▶ **WHAT YOU HAVE TO DO**: The entries that follow need to be returned without any alteration.

:: ENTRIES SHOWN ::

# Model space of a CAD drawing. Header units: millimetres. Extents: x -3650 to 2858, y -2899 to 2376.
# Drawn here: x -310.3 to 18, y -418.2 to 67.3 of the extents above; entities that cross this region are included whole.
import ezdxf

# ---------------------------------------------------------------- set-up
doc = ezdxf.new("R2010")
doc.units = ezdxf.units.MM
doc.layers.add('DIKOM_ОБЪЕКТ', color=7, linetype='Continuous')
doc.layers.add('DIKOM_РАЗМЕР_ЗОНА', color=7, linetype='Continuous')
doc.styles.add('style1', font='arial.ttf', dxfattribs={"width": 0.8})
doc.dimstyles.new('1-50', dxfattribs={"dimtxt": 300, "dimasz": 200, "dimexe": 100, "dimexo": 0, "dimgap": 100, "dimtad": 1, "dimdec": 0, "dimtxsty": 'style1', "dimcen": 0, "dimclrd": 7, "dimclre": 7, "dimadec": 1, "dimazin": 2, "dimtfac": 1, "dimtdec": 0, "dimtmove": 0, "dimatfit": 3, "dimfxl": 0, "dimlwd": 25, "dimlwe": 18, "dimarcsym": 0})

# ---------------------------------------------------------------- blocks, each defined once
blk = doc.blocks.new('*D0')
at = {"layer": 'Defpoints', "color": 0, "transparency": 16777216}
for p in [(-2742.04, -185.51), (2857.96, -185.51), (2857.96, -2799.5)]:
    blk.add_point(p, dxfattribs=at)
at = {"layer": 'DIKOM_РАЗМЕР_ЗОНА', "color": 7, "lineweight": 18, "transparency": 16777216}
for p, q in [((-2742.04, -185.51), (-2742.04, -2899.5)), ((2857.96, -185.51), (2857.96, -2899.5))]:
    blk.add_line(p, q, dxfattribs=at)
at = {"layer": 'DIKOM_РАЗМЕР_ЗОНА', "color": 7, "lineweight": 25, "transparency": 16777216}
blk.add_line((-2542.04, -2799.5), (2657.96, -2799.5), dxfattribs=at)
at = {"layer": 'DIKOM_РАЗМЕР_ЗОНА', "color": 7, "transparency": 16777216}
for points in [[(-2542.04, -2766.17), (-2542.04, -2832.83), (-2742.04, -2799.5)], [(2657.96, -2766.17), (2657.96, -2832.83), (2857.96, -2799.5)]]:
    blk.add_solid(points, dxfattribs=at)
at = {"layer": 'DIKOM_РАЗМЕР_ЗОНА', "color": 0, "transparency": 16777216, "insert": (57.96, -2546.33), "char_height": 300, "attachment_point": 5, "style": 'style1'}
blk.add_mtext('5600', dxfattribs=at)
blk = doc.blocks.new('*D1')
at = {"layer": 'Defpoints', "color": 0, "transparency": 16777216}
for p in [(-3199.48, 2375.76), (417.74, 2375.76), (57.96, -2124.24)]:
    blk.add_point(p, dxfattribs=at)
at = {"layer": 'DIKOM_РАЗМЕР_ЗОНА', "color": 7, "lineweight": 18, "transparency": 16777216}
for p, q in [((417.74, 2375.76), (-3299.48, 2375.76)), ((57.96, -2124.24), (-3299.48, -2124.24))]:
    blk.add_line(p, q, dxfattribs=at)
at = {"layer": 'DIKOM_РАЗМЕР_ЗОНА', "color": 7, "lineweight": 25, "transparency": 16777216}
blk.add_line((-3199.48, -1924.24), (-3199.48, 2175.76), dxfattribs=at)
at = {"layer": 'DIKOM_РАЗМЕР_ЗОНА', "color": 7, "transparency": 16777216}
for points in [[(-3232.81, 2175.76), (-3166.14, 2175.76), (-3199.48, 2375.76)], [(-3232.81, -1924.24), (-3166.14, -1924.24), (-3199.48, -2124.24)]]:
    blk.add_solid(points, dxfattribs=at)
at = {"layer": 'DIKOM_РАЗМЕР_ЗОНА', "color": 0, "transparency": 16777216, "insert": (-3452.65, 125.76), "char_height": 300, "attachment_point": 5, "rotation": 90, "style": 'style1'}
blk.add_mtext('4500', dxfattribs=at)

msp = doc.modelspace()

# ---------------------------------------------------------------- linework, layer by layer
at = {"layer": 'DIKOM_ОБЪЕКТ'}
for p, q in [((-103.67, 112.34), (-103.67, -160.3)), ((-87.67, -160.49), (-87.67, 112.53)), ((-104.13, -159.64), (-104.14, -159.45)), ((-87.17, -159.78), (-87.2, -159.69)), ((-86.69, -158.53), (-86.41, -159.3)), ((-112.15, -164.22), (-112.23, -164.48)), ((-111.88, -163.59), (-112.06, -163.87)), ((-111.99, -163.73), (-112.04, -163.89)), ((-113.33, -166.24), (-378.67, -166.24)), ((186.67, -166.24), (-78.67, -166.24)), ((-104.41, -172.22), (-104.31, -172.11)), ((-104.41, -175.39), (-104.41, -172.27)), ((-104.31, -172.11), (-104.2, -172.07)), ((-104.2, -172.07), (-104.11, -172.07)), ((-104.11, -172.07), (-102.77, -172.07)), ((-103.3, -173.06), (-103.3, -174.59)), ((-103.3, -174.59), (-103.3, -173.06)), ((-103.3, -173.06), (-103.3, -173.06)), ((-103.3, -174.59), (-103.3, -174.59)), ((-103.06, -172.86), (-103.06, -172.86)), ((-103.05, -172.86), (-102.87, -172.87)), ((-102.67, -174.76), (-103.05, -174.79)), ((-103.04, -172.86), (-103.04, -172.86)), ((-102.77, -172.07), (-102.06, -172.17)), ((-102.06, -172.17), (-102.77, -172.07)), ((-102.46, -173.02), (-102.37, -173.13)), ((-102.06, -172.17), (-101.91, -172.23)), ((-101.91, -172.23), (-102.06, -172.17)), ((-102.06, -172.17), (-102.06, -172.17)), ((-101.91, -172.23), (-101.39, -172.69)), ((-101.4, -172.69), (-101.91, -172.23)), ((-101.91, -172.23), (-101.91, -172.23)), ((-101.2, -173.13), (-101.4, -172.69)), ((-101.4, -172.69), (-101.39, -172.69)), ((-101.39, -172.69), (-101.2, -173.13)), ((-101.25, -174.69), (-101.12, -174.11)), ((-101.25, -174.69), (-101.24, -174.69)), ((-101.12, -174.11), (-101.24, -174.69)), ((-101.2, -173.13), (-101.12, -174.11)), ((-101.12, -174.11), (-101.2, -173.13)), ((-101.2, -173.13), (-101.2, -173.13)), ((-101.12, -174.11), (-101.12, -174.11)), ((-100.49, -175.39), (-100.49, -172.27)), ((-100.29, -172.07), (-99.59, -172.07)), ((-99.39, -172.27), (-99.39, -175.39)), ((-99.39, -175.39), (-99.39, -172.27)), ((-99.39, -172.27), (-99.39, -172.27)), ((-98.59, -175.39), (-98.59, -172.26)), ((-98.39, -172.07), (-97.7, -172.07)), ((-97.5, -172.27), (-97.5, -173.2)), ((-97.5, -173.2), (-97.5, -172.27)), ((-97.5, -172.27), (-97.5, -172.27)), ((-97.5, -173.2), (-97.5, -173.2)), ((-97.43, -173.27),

:::

▶ **RESULT OF THIS EXERCISE**:
# Model space of a CAD drawing. Header units: millimetres. Extents: x -3650 to 2858, y -2899 to 2376.
# Drawn here: x -310.3 to 18, y -418.2 to 67.3 of the extents above; entities that cross this region are included whole.
import ezdxf

# ---------------------------------------------------------------- set-up
doc = ezdxf.new("R2010")
doc.units = ezdxf.units.MM
doc.layers.add('DIKOM_ОБЪЕКТ', color=7, linetype='Continuous')
doc.layers.add('DIKOM_РАЗМЕР_ЗОНА', color=7, linetype='Continuous')
doc.styles.add('style1', font='arial.ttf', dxfattribs={"width": 0.8})
doc.dimstyles.new('1-50', dxfattribs={"dimtxt": 300, "dimasz": 200, "dimexe": 100, "dimexo": 0, "dimgap": 100, "dimtad": 1, "dimdec": 0, "dimtxsty": 'style1', "dimcen": 0, "dimclrd": 7, "dimclre": 7, "dimadec": 1, "dimazin": 2, "dimtfac": 1, "dimtdec": 0, "dimtmove": 0, "dimatfit": 3, "dimfxl": 0, "dimlwd": 25, "dimlwe": 18, "dimarcsym": 0})

# ---------------------------------------------------------------- blocks, each defined once
blk = doc.blocks.new('*D0')
at = {"layer": 'Defpoints', "color": 0, "transparency": 16777216}
for p in [(-2742.04, -185.51), (2857.96, -185.51), (2857.96, -2799.5)]:
    blk.add_point(p, dxfattribs=at)
at = {"layer": 'DIKOM_РАЗМЕР_ЗОНА', "color": 7, "lineweight": 18, "transparency": 16777216}
for p, q in [((-2742.04, -185.51), (-2742.04, -2899.5)), ((2857.96, -185.51), (2857.96, -2899.5))]:
    blk.add_line(p, q, dxfattribs=at)
at = {"layer": 'DIKOM_РАЗМЕР_ЗОНА', "color": 7, "lineweight": 25, "transparency": 16777216}
blk.add_line((-2542.04, -2799.5), (2657.96, -2799.5), dxfattribs=at)
at = {"layer": 'DIKOM_РАЗМЕР_ЗОНА', "color": 7, "transparency": 16777216}
for points in [[(-2542.04, -2766.17), (-2542.04, -2832.83), (-2742.04, -2799.5)], [(2657.96, -2766.17), (2657.96, -2832.83), (2857.96, -2799.5)]]:
    blk.add_solid(points, dxfattribs=at)
at = {"layer": 'DIKOM_РАЗМЕР_ЗОНА', "color": 0, "transparency": 16777216, "insert": (57.96, -2546.33), "char_height": 300, "attachment_point": 5, "style": 'style1'}
blk.add_mtext('5600', dxfattribs=at)
blk = doc.blocks.new('*D1')
at = {"layer": 'Defpoints', "color": 0, "transparency": 16777216}
for p in [(-3199.48, 2375.76), (417.74, 2375.76), (57.96, -2124.24)]:
    blk.add_point(p, dxfattribs=at)
at = {"layer": 'DIKOM_РАЗМЕР_ЗОНА', "color": 7, "lineweight": 18, "transparency": 16777216}
for p, q in [((417.74, 2375.76), (-3299.48, 2375.76)), ((57.96, -2124.24), (-3299.48, -2124.24))]:
    blk.add_line(p, q, dxfattribs=at)
at = {"layer": 'DIKOM_РАЗМЕР_ЗОНА', "color": 7, "lineweight": 25, "transparency": 16777216}
blk.add_line((-3199.48, -1924.24), (-3199.48, 2175.76), dxfattribs=at)
at = {"layer": 'DIKOM_РАЗМЕР_ЗОНА', "color": 7, "transparency": 16777216}
for points in [[(-3232.81, 2175.76), (-3166.14, 2175.76), (-3199.48, 2375.76)], [(-3232.81, -1924.24), (-3166.14, -1924.24), (-3199.48, -2124.24)]]:
    blk.add_solid(points, dxfattribs=at)
at = {"layer": 'DIKOM_РАЗМЕР_ЗОНА', "color": 0, "transparency": 16777216, "insert": (-3452.65, 125.76), "char_height": 300, "attachment_point": 5, "rotation": 90, "style": 'style1'}
blk.add_mtext('4500', dxfattribs=at)

msp = doc.modelspace()

# ---------------------------------------------------------------- linework, layer by layer
at = {"layer": 'DIKOM_ОБЪЕКТ'}
for p, q in [((-103.67, 112.34), (-103.67, -160.3)), ((-87.67, -160.49), (-87.67, 112.53)), ((-104.13, -159.64), (-104.14, -159.45)), ((-87.17, -159.78), (-87.2, -159.69)), ((-86.69, -158.53), (-86.41, -159.3)), ((-112.15, -164.22), (-112.23, -164.48)), ((-111.88, -163.59), (-112.06, -163.87)), ((-111.99, -163.73), (-112.04, -163.89)), ((-113.33, -166.24), (-378.67, -166.24)), ((186.67, -166.24), (-78.67, -166.24)), ((-104.41, -172.22), (-104.31, -172.11)), ((-104.41, -175.39), (-104.41, -172.27)), ((-104.31, -172.11), (-104.2, -172.07)), ((-104.2, -172.07), (-104.11, -172.07)), ((-104.11, -172.07), (-102.77, -172.07)), ((-103.3, -173.06), (-103.3, -174.59)), ((-103.3, -174.59), (-103.3, -173.06)), ((-103.3, -173.06), (-103.3, -173.06)), ((-103.3, -174.59), (-103.3, -174.59)), ((-103.06, -172.86), (-103.06, -172.86)), ((-103.05, -172.86), (-102.87, -172.87)), ((-102.67, -174.76), (-103.05, -174.79)), ((-103.04, -172.86), (-103.04, -172.86)), ((-102.77, -172.07), (-102.06, -172.17)), ((-102.06, -172.17), (-102.77, -172.07)), ((-102.46, -173.02), (-102.37, -173.13)), ((-102.06, -172.17), (-101.91, -172.23)), ((-101.91, -172.23), (-102.06, -172.17)), ((-102.06, -172.17), (-102.06, -172.17)), ((-101.91, -172.23), (-101.39, -172.69)), ((-101.4, -172.69), (-101.91, -172.23)), ((-101.91, -172.23), (-101.91, -172.23)), ((-101.2, -173.13), (-101.4, -172.69)), ((-101.4, -172.69), (-101.39, -172.69)), ((-101.39, -172.69), (-101.2, -173.13)), ((-101.25, -174.69), (-101.12, -174.11)), ((-101.25, -174.69), (-101.24, -174.69)), ((-101.12, -174.11), (-101.24, -174.69)), ((-101.2, -173.13), (-101.12, -174.11)), ((-101.12, -174.11), (-101.2, -173.13)), ((-101.2, -173.13), (-101.2, -173.13)), ((-101.12, -174.11), (-101.12, -174.11)), ((-100.49, -175.39), (-100.49, -172.27)), ((-100.29, -172.07), (-99.59, -172.07)), ((-99.39, -172.27), (-99.39, -175.39)), ((-99.39, -175.39), (-99.39, -172.27)), ((-99.39, -172.27), (-99.39, -172.27)), ((-98.59, -175.39), (-98.59, -172.26)), ((-98.39, -172.07), (-97.7, -172.07)), ((-97.5, -172.27), (-97.5, -173.2)), ((-97.5, -173.2), (-97.5, -172.27)), ((-97.5, -172.27), (-97.5, -172.27)), ((-97.5, -173.2), (-97.5, -173.2)), ((-97.43, -173.27),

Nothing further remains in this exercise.